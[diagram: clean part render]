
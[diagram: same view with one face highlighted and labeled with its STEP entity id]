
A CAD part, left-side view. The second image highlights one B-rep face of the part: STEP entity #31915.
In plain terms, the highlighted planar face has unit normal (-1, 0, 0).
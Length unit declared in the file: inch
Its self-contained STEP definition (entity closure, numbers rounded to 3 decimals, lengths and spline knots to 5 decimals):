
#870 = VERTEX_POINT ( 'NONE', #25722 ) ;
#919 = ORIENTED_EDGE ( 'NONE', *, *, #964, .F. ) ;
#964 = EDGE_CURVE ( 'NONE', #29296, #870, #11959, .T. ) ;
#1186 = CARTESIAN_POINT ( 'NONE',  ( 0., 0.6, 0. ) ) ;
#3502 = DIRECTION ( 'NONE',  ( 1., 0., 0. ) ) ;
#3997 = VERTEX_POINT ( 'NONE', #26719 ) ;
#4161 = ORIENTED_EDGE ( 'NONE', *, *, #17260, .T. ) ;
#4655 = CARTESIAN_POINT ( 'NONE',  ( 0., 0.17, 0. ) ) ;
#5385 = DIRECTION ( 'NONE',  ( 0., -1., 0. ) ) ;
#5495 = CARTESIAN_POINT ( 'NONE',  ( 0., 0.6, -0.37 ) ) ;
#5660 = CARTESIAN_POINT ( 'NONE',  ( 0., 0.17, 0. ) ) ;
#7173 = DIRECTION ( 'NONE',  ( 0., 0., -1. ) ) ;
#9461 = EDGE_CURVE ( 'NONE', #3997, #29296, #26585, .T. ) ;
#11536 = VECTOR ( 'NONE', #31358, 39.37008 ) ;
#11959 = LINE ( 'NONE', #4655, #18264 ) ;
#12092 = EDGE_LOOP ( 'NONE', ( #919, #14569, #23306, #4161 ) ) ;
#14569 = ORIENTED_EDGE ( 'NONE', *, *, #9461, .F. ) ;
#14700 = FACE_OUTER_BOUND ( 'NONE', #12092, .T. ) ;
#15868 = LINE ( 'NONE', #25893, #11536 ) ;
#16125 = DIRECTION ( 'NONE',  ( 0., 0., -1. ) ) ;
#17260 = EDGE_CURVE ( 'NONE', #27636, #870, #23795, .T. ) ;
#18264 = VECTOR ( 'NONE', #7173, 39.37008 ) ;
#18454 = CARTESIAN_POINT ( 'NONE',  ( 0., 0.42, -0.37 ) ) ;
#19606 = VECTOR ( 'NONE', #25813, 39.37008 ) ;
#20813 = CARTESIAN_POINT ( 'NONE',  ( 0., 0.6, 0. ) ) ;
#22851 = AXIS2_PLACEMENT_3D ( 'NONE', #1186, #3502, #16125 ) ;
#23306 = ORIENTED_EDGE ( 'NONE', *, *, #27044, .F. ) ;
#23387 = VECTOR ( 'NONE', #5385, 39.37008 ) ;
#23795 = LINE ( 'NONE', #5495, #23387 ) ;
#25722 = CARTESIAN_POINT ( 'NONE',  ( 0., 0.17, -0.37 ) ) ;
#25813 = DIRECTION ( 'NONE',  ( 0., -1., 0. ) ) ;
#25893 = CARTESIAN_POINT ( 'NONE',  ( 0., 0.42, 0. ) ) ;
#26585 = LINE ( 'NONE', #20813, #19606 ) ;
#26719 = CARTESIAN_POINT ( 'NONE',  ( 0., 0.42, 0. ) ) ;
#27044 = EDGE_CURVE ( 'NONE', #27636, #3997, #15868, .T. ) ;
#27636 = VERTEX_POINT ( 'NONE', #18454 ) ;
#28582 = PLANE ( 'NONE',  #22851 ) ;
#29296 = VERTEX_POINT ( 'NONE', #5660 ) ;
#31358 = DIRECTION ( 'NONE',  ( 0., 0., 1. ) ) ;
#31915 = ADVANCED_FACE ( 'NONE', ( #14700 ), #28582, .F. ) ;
######
Task description:
Starting at the first line of the data above, retype each line exactly until you reach the line containing "#870 = VERTEX_POINT ( 'NONE', #25722 ) ;", and include that line too.

Response:
[diagram: clean part render]
[diagram: same view with one face highlighted and labeled with its STEP entity id]
A CAD part, left-side view. The second image highlights one B-rep face of the part: STEP entity #31915.
In plain terms, the highlighted planar face has unit normal (-1, 0, 0).
Length unit declared in the file: inch
Its self-contained STEP definition (entity closure, numbers rounded to 3 decimals, lengths and spline knots to 5 decimals):
#870 = VERTEX_POINT ( 'NONE', #25722 ) ;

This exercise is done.